**Work required**
From the entries below, return only the lines starting at the one that contains "Rectangle(F13_W, F13_H_4)" and ending at the one that contains "Rectangle(F13_W, F13_H_5)", exactly as they stand.

Start of Exercise inputs

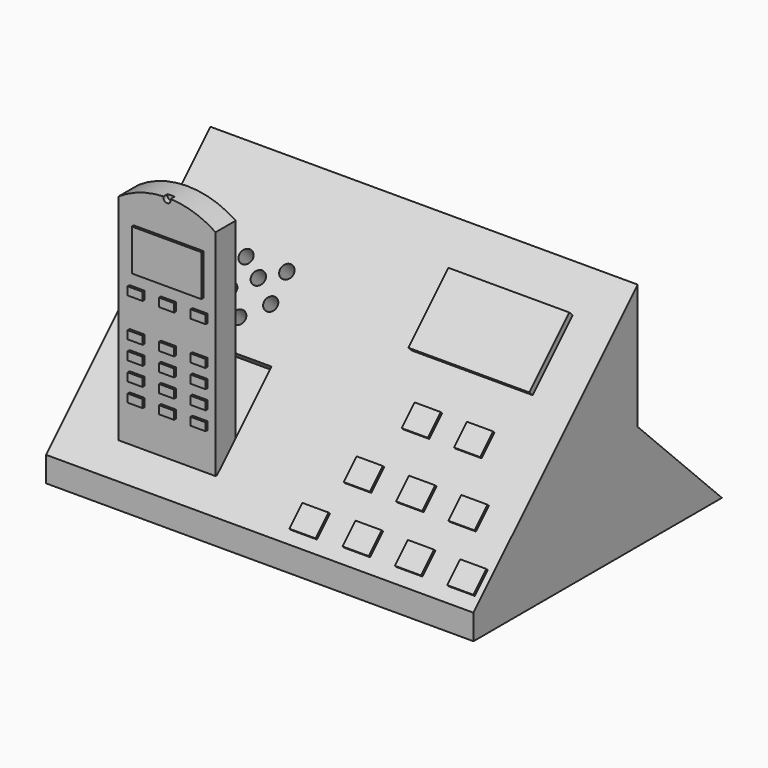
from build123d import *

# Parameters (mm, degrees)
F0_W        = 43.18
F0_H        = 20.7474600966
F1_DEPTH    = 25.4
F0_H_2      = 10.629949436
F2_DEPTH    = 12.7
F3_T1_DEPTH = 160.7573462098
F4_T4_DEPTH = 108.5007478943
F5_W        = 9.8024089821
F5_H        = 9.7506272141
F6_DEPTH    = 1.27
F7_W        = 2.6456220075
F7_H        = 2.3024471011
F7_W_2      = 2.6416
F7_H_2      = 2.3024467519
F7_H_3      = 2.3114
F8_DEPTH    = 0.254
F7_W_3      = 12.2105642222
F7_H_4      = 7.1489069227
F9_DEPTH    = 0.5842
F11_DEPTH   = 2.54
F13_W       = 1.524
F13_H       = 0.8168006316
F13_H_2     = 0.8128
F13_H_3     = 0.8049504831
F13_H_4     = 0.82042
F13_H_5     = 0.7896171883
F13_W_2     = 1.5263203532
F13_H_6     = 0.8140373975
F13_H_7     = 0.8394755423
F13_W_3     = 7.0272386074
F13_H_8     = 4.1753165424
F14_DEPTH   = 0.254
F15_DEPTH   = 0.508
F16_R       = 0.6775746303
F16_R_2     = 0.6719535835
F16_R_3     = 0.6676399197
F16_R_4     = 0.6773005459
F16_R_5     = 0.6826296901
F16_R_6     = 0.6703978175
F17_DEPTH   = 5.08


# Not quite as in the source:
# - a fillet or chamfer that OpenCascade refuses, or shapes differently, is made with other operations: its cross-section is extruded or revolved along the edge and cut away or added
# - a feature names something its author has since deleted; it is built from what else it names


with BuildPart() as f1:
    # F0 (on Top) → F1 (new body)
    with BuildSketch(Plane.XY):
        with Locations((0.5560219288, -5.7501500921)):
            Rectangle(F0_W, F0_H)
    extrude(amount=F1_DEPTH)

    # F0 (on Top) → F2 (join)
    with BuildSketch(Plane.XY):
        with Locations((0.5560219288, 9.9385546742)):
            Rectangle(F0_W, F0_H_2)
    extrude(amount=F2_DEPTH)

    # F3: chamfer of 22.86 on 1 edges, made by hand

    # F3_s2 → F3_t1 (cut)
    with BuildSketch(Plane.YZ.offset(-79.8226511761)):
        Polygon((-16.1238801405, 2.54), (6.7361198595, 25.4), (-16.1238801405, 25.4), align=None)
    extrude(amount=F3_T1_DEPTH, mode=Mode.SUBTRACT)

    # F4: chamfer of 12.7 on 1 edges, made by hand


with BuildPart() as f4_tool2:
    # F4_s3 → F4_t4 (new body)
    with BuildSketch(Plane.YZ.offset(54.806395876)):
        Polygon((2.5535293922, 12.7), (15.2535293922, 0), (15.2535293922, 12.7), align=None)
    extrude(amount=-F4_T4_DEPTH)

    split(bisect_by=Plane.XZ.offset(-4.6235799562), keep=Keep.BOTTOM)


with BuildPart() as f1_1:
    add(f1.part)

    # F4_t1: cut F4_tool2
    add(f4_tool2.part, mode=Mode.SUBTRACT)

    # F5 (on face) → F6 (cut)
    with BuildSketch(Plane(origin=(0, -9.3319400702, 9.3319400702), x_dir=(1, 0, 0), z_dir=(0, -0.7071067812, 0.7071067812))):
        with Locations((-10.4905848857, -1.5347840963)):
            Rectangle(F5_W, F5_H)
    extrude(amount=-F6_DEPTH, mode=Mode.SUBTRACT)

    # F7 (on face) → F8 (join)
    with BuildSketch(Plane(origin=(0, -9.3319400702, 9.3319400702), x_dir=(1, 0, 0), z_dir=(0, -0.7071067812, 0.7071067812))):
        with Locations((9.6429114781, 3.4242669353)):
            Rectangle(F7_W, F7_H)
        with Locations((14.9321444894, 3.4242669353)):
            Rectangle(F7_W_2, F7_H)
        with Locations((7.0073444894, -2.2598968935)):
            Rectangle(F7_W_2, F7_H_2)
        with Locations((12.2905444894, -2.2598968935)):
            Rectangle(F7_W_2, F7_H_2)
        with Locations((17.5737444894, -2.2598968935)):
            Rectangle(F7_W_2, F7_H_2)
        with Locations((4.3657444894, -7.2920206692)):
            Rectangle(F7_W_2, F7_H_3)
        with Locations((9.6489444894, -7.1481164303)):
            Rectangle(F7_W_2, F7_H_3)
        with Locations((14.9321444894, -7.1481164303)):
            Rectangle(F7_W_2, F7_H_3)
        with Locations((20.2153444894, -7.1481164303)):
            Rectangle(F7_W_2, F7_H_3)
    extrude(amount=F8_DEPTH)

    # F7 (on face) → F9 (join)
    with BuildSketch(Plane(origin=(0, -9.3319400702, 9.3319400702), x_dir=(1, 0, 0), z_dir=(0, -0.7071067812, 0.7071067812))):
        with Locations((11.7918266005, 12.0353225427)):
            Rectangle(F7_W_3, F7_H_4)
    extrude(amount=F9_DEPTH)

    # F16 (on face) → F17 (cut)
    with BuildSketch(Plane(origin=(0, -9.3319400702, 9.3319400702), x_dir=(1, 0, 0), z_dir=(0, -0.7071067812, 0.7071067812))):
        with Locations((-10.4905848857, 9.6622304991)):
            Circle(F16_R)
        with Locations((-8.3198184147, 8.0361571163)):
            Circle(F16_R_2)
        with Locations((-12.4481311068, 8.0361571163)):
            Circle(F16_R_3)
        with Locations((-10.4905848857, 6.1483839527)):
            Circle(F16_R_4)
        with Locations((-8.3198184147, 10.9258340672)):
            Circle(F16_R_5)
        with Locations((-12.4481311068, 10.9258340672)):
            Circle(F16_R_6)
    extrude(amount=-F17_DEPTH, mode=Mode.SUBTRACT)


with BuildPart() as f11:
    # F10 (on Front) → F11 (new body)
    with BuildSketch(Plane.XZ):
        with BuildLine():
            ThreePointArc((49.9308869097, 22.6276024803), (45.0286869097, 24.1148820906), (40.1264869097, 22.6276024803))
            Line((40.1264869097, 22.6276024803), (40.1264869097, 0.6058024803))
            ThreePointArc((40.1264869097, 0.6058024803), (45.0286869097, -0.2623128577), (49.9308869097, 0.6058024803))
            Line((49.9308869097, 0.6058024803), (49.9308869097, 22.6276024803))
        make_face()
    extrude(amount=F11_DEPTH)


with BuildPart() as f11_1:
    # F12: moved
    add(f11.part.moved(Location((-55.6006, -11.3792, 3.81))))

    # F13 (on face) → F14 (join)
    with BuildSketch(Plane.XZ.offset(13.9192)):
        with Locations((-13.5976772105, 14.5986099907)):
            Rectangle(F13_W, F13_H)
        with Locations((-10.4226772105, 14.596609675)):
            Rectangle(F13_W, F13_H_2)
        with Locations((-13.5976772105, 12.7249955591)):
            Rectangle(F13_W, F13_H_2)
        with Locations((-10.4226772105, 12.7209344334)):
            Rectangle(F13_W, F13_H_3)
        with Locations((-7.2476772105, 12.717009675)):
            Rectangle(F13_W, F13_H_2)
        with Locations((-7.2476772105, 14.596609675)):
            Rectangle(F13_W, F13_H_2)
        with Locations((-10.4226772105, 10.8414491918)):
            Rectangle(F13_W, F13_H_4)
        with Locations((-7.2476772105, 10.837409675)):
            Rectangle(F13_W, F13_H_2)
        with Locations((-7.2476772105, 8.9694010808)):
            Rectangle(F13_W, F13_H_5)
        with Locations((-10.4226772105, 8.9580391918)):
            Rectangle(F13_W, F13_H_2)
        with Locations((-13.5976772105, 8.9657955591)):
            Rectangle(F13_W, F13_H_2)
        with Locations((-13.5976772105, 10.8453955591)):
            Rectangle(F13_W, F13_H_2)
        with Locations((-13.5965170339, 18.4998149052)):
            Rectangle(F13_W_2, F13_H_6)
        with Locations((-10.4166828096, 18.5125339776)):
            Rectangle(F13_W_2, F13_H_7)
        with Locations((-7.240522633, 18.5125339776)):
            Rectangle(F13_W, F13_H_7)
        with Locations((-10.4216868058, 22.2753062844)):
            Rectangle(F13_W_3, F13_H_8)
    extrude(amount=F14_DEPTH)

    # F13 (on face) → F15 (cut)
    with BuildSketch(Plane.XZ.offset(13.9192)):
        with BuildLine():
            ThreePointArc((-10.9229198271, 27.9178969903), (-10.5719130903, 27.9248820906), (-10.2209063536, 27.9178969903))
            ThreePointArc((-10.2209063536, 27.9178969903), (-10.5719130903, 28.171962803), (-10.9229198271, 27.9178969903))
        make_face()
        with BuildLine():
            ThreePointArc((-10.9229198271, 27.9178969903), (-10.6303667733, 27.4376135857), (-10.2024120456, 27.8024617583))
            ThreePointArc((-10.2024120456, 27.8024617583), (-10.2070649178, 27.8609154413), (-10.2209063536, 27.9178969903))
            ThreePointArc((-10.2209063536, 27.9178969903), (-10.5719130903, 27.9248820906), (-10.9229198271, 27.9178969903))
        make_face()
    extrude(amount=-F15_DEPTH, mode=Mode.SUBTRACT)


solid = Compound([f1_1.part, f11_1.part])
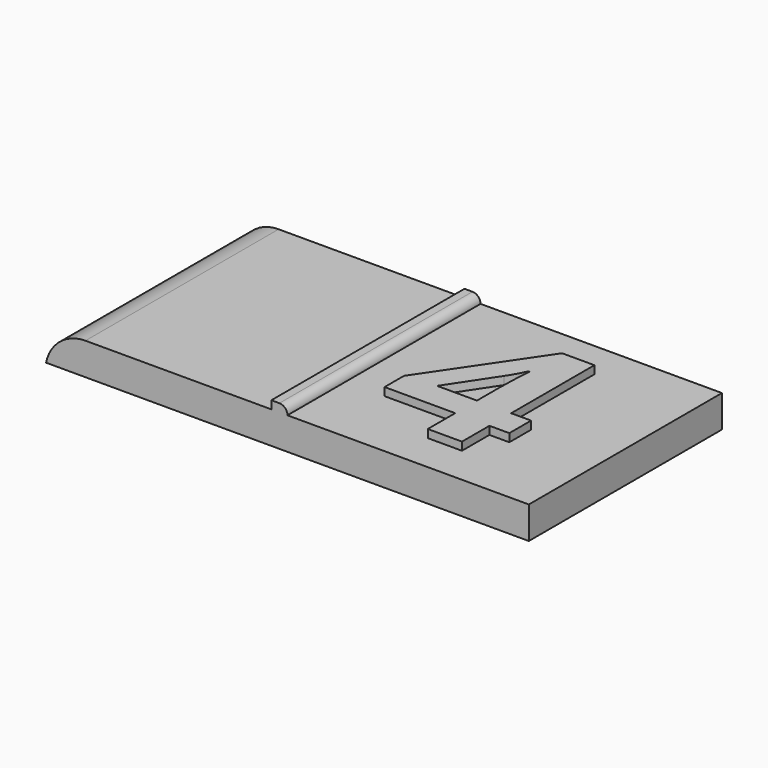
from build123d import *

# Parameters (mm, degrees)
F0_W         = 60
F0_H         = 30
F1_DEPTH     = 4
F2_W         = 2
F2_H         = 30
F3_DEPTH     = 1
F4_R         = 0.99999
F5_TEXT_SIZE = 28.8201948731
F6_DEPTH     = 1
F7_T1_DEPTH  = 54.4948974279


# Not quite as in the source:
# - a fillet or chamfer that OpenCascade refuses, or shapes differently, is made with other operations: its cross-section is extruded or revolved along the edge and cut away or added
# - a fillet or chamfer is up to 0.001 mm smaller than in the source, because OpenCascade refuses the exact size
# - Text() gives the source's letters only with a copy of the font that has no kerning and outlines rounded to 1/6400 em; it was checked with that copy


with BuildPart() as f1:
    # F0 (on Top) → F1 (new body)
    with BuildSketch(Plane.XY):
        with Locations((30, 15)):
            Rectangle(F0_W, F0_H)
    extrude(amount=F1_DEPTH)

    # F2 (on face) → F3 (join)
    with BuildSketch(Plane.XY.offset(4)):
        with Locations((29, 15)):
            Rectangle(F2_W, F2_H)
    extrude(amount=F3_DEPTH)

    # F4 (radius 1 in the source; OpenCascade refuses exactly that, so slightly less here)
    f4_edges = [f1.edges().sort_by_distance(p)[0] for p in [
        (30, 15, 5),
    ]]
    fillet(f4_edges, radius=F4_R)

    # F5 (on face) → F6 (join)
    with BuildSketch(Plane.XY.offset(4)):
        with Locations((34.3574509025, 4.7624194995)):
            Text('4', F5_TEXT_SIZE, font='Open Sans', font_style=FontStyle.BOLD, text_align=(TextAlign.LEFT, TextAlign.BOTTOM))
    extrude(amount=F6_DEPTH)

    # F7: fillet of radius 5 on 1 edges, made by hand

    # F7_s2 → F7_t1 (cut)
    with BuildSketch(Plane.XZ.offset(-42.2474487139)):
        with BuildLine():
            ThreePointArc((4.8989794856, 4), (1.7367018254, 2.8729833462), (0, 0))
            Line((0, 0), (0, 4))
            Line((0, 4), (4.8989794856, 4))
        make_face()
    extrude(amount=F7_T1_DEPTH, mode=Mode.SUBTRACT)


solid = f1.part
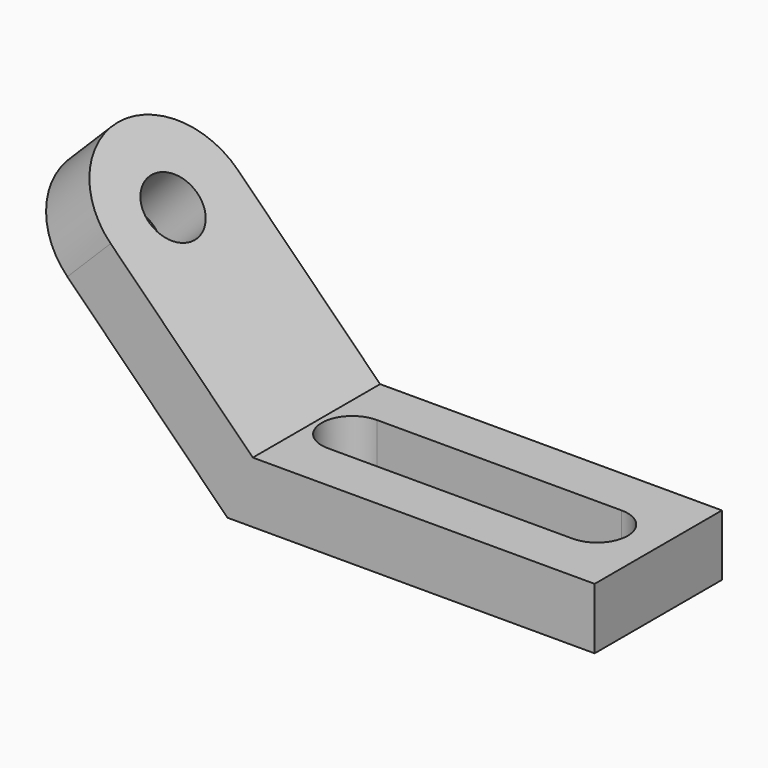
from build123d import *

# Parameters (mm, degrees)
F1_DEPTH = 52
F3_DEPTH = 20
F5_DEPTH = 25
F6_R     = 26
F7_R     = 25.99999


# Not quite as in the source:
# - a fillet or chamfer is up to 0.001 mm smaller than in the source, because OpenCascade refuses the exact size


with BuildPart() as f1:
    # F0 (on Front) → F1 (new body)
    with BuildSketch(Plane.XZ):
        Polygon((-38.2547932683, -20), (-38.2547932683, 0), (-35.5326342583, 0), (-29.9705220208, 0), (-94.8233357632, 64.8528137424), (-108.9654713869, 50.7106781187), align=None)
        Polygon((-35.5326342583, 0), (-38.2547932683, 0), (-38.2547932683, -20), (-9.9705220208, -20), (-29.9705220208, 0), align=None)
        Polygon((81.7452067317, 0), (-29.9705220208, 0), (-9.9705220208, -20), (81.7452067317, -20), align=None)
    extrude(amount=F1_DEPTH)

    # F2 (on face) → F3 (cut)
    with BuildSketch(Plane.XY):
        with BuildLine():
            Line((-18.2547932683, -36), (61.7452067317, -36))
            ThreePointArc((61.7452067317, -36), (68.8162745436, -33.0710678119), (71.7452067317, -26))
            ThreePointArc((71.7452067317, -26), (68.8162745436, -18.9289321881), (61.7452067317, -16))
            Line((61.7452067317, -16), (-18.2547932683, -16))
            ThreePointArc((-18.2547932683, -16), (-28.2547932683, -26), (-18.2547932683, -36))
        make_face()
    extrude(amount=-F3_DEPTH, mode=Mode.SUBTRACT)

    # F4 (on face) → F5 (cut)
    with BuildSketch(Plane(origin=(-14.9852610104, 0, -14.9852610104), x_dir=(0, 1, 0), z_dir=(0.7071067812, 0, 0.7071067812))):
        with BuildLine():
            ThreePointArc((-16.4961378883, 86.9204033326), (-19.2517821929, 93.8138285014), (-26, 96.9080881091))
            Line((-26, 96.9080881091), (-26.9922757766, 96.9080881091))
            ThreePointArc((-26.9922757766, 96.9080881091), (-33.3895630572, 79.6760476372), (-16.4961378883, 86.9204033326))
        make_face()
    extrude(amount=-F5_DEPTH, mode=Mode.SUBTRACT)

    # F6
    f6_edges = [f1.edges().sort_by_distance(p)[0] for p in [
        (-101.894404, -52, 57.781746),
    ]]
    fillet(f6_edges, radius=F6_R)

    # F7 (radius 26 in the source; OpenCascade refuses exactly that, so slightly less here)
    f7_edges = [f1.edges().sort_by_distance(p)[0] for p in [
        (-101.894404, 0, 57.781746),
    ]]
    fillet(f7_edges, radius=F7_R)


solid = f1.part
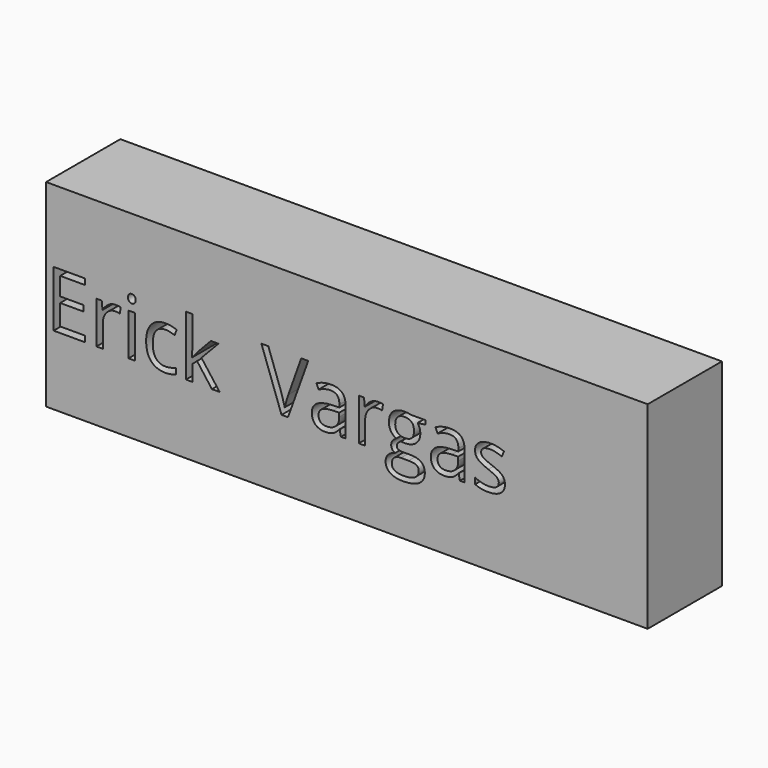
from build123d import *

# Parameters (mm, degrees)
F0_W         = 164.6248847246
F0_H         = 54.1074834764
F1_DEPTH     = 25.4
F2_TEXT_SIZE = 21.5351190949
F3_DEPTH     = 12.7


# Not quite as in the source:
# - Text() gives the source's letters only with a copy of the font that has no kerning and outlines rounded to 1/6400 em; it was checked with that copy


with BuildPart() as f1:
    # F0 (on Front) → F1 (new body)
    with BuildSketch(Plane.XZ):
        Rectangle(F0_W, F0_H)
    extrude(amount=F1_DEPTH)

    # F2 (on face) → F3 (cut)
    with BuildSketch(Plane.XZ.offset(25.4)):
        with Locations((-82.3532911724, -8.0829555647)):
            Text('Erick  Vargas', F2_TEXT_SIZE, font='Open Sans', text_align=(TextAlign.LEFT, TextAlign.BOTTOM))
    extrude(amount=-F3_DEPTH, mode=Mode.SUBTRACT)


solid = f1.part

End of Exercise inputs

**Output for this task**
            Rectangle(F13_W, F13_H_4)
        with Locations((-7.2476772105, 10.837409675)):
            Rectangle(F13_W, F13_H_2)
        with Locations((-7.2476772105, 8.9694010808)):
            Rectangle(F13_W, F13_H_5)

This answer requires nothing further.